Wei Huan, Wu Fei, Li Lijuan, Yang Xiaoti, Xu Cong, Yu Ping, Ma Furong, Mao Lanqun
Beijing National Laboratory for Molecular Sciences, Key Laboratory of Analytical Chemistry for Living Biosystems, Institute of Chemistry, The Chinese Academy of Sciences, Beijing 100190, China.
University of Chinese Academy of Sciences, Beijing 100049, China.
Anal Chem. 2020 Aug 18;92(16):11374-11379. doi: 10.1021/acs.analchem.0c02240. Epub 2020 Jul 28.
Probing chemical information in the central nervous system is essential for understanding the molecular mechanism of brain function. Electrochemistry with tissue-implantable carbon fiber electrodes (CFEs) provides a powerful tool for monitoring the dynamics of neurochemicals in a subsecond time scale; however, the implantation of CFEs into brain tissue immediately causes the nonspecific adsorption of proteins on electrode surfaces. This process can dramatically impact the performance of the electrochemical method in terms of reduced sensitivity and accuracy. Herein, we report a strategy to minimize the electrode biofouling by masking CFEs with leukocyte membranes (LMs). We find that the LM masking endows CFEs with a highly hydrophilic surface that gains a high resistance to nonspecific protein adsorption. The electrode reactivity to target molecules decreases by a small degree due to the membrane coating, but the sensitivity loss of the LM-masked CFEs is greatly lessened even after implantation for 8 h. This study offers a new method of microelectrode modification by natural cell membranes for sustained sensing performance during long-term analysis.

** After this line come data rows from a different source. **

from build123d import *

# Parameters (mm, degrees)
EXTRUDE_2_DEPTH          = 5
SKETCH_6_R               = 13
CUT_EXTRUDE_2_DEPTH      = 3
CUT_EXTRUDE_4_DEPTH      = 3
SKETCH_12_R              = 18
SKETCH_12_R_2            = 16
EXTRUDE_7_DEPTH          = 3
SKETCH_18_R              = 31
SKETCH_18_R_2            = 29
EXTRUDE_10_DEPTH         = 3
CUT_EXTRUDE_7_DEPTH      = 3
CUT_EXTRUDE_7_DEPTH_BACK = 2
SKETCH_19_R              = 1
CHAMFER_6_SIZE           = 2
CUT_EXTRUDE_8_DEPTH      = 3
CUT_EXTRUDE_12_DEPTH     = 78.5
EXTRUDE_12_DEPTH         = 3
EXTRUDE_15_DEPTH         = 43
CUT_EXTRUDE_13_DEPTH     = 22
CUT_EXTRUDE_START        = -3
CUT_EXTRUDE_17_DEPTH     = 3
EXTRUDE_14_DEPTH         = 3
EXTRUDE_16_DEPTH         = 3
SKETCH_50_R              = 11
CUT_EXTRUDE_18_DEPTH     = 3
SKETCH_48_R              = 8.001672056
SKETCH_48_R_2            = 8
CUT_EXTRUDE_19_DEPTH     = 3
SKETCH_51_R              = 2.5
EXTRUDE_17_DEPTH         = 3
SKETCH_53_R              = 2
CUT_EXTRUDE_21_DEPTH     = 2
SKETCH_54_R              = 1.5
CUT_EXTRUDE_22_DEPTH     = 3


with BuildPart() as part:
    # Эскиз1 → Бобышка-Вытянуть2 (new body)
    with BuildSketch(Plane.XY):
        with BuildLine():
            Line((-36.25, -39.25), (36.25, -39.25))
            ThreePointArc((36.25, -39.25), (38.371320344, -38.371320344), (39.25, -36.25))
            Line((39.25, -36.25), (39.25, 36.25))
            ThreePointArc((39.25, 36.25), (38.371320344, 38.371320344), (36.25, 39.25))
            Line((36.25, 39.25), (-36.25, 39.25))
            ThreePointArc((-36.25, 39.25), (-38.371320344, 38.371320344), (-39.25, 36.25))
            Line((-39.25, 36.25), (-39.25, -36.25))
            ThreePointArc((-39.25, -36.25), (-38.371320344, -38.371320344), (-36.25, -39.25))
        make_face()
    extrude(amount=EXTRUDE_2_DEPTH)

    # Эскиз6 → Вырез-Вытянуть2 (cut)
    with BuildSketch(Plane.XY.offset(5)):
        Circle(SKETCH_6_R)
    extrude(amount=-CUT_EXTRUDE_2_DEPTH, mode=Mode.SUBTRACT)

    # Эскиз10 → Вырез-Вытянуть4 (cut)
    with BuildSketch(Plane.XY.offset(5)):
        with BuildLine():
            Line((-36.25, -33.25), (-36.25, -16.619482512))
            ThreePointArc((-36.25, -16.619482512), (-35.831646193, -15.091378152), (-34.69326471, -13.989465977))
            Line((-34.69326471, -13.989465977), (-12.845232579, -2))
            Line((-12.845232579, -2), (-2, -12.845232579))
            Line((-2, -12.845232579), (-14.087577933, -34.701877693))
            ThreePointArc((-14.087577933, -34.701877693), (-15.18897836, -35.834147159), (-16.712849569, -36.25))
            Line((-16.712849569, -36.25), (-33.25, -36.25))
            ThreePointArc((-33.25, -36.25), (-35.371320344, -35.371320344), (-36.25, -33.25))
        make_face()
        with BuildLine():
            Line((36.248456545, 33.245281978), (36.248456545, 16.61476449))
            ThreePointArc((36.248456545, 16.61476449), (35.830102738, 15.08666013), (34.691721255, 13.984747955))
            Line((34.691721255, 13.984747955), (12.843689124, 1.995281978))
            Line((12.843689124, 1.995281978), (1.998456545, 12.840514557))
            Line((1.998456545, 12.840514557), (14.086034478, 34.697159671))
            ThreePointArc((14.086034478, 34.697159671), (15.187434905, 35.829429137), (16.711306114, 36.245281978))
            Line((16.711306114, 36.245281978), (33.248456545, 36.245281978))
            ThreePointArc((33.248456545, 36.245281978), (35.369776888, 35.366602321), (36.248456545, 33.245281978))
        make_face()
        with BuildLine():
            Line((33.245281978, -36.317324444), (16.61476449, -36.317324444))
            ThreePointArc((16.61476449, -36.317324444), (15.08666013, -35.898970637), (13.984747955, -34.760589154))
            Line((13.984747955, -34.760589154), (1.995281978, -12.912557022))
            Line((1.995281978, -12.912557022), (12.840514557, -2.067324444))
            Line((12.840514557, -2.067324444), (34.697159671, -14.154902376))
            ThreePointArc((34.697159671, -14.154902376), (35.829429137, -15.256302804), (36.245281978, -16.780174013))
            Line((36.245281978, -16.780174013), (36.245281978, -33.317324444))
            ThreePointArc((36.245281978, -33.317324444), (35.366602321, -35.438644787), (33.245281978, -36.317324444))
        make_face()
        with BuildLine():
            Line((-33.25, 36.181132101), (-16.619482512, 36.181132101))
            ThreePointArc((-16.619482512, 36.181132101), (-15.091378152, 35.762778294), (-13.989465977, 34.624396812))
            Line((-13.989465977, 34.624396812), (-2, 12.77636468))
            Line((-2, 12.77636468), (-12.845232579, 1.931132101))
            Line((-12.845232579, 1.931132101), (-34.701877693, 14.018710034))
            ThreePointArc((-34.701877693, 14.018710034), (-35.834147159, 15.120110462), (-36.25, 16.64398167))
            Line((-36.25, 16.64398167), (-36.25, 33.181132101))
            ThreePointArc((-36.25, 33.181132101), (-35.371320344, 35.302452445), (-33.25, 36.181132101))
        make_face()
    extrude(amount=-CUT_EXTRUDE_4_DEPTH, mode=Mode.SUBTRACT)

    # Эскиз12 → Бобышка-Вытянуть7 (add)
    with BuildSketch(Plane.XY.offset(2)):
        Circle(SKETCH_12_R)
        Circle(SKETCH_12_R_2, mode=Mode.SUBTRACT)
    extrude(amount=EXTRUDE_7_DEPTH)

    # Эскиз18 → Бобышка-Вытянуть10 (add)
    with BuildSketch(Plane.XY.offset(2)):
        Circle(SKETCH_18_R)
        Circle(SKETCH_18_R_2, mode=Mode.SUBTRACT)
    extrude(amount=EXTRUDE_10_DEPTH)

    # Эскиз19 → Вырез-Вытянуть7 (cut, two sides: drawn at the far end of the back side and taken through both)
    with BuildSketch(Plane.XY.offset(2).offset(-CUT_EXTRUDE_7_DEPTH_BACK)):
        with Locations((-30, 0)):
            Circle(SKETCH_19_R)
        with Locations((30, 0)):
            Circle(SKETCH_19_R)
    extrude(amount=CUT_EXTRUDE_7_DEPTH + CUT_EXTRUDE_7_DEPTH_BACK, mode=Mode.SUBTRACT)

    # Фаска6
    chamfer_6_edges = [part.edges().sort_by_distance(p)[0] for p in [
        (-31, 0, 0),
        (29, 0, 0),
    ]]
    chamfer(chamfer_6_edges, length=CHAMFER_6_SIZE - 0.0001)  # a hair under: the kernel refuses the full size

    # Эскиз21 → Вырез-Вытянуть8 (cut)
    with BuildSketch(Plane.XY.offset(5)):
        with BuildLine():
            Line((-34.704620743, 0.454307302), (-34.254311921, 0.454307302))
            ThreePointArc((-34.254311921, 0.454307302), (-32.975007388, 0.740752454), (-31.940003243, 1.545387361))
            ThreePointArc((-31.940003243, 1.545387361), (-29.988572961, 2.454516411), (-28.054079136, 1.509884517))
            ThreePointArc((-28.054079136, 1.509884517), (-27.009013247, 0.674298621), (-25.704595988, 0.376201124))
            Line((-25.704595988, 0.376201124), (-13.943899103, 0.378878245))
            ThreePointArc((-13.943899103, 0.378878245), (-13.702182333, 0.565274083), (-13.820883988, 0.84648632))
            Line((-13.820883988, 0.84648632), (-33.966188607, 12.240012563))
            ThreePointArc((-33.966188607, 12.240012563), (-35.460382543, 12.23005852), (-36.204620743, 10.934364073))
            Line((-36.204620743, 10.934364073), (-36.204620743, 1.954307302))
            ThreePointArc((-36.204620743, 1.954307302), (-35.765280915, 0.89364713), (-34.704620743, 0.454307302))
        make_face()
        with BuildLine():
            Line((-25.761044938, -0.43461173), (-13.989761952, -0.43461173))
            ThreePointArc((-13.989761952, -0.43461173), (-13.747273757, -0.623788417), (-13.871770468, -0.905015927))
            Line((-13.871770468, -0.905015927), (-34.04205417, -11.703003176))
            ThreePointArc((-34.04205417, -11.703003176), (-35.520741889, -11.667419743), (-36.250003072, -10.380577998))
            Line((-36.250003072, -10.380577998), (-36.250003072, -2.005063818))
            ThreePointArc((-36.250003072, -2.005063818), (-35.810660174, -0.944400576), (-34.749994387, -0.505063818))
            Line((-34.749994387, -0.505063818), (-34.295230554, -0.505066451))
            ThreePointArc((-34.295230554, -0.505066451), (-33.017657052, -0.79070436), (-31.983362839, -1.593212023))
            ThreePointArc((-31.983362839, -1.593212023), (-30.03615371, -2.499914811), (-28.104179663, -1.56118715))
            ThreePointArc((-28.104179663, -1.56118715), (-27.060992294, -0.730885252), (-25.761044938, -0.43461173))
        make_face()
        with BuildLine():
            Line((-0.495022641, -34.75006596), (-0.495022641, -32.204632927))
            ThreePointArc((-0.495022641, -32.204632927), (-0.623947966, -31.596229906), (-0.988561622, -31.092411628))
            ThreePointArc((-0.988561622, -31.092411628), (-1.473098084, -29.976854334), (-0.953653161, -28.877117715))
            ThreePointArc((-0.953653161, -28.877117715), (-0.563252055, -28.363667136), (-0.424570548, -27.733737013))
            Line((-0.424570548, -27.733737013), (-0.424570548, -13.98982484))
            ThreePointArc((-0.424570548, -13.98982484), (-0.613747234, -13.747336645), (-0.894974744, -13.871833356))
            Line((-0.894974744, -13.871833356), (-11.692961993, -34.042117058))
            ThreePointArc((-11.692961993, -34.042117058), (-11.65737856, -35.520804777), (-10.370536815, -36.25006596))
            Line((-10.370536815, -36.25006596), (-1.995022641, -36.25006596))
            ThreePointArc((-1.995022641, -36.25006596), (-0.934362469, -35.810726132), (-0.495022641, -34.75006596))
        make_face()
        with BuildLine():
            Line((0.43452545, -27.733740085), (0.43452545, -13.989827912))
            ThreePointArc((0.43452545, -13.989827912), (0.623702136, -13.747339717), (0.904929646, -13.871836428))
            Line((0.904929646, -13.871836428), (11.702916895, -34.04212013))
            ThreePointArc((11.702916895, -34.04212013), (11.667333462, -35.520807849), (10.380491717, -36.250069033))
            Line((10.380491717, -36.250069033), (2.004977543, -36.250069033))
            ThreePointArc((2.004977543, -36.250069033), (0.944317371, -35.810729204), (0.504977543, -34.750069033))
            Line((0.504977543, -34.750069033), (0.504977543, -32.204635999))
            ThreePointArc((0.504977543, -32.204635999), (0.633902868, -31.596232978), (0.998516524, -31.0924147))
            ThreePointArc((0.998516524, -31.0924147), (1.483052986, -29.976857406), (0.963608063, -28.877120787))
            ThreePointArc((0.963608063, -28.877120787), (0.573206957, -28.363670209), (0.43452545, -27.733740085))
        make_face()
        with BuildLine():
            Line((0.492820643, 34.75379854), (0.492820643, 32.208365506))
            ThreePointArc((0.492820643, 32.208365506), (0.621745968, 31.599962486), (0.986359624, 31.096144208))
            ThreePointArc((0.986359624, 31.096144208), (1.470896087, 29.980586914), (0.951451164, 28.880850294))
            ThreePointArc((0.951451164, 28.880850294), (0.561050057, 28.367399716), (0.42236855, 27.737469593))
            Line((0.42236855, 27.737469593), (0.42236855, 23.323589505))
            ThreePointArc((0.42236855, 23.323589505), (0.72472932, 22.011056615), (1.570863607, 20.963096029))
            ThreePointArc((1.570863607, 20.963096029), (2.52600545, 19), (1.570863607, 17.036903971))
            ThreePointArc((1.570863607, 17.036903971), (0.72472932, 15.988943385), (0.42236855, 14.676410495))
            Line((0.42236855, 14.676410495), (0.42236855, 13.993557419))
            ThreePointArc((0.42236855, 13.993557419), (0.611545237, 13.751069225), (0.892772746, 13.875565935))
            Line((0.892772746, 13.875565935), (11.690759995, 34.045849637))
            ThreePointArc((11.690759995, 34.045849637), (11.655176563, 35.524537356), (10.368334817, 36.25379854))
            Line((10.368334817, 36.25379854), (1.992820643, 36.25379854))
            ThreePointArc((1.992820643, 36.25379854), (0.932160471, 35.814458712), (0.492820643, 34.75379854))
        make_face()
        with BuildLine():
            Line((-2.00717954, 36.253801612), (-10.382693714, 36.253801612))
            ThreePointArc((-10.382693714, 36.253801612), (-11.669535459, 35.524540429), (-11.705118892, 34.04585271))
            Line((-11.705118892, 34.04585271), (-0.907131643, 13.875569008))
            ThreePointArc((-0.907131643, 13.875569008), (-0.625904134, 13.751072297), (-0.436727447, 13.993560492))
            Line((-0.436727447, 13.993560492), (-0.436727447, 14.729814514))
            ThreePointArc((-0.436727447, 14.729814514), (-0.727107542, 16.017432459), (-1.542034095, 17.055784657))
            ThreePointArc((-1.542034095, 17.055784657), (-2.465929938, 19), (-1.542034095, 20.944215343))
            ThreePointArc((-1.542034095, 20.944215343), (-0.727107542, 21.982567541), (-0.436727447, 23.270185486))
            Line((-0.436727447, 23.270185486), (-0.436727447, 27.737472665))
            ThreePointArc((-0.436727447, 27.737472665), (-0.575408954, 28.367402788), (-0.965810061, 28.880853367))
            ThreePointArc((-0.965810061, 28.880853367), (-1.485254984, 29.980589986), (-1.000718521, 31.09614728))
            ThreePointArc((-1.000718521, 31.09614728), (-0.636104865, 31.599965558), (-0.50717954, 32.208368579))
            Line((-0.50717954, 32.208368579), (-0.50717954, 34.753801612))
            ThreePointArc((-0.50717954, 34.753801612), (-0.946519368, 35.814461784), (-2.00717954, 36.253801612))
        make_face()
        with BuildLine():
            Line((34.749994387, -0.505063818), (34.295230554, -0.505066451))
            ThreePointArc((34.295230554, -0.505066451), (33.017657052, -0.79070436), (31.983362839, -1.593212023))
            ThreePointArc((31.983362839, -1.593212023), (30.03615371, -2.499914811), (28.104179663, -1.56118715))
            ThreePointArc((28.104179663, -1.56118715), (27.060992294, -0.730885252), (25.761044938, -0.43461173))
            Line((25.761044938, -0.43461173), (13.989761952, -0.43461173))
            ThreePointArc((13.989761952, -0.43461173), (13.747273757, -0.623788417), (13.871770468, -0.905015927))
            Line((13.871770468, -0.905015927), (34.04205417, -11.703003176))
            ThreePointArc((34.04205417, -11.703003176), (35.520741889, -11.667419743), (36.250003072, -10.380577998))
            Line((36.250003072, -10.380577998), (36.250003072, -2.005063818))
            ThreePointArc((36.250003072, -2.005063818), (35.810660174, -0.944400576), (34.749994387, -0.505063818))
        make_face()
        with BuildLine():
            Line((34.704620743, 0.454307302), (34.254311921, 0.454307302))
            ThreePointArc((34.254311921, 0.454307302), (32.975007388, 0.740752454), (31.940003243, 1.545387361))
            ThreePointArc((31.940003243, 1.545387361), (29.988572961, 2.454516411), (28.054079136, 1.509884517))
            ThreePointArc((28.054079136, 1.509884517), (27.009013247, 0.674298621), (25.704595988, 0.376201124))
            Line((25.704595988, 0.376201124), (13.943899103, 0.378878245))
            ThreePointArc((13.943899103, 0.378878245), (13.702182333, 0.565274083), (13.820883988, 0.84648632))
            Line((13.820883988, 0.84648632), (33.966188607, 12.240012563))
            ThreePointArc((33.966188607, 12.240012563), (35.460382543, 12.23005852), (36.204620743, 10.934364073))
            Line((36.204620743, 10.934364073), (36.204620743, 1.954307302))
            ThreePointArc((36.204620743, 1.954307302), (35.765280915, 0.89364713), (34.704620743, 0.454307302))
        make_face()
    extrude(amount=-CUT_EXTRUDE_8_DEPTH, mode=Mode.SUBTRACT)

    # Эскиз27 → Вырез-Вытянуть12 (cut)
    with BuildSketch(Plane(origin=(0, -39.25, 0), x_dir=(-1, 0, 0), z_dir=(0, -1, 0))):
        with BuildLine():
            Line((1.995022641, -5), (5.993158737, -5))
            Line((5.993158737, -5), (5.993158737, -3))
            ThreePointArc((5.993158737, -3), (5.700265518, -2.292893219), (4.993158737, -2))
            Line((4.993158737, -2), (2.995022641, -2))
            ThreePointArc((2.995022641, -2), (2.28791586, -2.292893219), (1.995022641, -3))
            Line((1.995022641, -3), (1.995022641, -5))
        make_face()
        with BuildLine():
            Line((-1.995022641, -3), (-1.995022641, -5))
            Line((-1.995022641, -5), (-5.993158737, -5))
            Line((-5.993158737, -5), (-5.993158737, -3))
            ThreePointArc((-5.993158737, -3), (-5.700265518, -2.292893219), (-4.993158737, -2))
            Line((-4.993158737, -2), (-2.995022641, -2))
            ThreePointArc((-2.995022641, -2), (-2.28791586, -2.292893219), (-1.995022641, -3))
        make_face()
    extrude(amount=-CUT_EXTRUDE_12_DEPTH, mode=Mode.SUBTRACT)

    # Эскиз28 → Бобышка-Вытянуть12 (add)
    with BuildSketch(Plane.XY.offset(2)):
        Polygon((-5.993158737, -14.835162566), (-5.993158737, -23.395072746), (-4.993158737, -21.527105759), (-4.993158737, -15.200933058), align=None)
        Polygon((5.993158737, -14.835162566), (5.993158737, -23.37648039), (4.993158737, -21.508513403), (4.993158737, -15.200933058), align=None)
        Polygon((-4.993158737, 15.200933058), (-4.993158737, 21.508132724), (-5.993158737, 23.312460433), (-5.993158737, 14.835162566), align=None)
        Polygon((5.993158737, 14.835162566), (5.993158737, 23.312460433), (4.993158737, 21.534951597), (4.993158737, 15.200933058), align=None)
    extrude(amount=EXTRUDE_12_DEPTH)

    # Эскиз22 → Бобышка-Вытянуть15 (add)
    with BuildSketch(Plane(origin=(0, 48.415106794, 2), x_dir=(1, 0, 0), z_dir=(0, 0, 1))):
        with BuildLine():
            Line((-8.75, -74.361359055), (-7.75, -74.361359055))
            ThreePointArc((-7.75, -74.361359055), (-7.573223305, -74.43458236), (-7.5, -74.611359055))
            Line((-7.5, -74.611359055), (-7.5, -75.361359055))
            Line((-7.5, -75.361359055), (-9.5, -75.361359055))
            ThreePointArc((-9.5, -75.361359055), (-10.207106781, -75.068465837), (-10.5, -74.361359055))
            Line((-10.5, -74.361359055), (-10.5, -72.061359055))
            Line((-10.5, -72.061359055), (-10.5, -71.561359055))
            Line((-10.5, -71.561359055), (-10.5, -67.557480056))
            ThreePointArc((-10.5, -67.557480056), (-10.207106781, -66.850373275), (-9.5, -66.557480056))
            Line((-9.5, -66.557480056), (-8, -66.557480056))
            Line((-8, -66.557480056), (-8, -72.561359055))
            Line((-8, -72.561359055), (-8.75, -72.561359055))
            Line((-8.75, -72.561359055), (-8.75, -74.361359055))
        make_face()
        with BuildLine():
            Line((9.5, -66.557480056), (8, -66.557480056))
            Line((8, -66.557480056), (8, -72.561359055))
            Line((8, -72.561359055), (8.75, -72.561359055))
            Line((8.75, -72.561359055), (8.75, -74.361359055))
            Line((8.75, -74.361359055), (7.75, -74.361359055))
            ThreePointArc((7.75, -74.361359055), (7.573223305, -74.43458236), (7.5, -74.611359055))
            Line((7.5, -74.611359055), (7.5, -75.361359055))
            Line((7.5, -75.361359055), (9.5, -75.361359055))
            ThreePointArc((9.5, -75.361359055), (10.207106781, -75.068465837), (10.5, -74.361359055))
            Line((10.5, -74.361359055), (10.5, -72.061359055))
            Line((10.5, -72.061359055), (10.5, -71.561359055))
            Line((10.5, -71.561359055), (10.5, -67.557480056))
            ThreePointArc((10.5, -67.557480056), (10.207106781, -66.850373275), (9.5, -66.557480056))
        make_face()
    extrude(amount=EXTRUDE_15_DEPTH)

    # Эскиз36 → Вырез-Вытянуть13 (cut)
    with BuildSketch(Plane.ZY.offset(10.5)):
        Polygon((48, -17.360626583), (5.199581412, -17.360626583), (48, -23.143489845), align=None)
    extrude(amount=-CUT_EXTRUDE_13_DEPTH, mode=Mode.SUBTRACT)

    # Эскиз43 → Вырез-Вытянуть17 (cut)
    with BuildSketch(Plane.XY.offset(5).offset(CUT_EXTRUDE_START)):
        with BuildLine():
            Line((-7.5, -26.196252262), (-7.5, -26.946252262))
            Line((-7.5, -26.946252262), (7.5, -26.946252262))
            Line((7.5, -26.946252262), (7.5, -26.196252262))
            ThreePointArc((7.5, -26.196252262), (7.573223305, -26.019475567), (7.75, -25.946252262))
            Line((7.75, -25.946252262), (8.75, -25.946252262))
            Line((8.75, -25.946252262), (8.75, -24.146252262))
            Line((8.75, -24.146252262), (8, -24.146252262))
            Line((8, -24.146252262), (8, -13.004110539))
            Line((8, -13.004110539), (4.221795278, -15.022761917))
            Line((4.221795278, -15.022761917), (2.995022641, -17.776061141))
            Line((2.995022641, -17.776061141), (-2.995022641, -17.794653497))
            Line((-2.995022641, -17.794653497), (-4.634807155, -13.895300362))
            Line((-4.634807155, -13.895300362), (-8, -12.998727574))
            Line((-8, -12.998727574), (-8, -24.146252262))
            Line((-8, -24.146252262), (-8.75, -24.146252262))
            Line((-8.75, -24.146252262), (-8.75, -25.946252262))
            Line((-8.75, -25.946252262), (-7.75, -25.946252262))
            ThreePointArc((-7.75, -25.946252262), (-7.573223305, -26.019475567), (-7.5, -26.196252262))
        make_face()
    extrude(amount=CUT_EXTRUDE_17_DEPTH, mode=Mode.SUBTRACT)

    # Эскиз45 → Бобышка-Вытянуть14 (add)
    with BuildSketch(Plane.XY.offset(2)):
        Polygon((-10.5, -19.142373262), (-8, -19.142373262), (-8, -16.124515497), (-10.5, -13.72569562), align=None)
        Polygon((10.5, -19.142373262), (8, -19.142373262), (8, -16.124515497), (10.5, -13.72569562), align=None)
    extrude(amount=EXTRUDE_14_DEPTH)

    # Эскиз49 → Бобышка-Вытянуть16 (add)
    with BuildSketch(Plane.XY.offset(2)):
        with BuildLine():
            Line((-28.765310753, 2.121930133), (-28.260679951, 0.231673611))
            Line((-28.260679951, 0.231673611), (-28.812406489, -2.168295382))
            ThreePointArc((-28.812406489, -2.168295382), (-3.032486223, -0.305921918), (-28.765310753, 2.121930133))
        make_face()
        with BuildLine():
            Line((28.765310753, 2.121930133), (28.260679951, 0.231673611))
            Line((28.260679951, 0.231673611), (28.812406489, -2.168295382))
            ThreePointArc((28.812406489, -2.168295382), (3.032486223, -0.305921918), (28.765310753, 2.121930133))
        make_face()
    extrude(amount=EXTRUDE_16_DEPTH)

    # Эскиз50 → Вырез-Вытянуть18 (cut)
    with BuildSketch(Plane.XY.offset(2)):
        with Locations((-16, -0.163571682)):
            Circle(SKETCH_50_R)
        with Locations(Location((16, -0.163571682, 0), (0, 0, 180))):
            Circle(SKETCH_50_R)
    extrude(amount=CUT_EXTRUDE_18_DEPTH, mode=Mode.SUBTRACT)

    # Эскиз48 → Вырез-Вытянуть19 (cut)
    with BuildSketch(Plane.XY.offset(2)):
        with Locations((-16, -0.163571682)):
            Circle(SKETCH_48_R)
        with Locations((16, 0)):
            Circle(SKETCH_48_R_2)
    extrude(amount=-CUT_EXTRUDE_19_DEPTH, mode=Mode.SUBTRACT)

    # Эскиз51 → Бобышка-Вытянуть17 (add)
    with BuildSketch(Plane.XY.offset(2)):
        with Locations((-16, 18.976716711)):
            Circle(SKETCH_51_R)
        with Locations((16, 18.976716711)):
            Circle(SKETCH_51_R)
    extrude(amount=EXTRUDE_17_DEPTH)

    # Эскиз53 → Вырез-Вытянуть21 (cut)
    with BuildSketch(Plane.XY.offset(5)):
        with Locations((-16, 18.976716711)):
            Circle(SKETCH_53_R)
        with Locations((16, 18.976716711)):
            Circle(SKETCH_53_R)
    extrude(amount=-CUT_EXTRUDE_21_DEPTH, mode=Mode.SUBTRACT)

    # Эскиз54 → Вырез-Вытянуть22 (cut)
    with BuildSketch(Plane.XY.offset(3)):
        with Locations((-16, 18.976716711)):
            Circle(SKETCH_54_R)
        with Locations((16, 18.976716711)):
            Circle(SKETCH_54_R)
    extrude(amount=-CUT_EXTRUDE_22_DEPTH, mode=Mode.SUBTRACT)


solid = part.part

探究中枢神经系统中的化学信息对于理解脑功能的分子机制至关重要。使用可植入组织的碳纤维电极(CFE)进行电化学分析,为在亚秒级时间尺度上监测神经化学物质的动态变化提供了一个强大的工具;然而,将CFE植入脑组织会立即导致蛋白质在电极表面的非特异性吸附。这个过程会在灵敏度和准确性降低方面极大地影响电化学方法的性能。在此,我们报告一种通过用白细胞膜(LM)覆盖CFE来最小化电极生物污染的策略。我们发现,LM覆盖赋予CFE高度亲水的表面,使其对非特异性蛋白质吸附具有高抗性。由于膜涂层,电极对目标分子的反应性略有降低,但即使在植入8小时后,LM覆盖的CFE的灵敏度损失也大大减轻。这项研究提供了一种通过天然细胞膜对微电极进行修饰的新方法,以在长期分析过程中保持传感性能。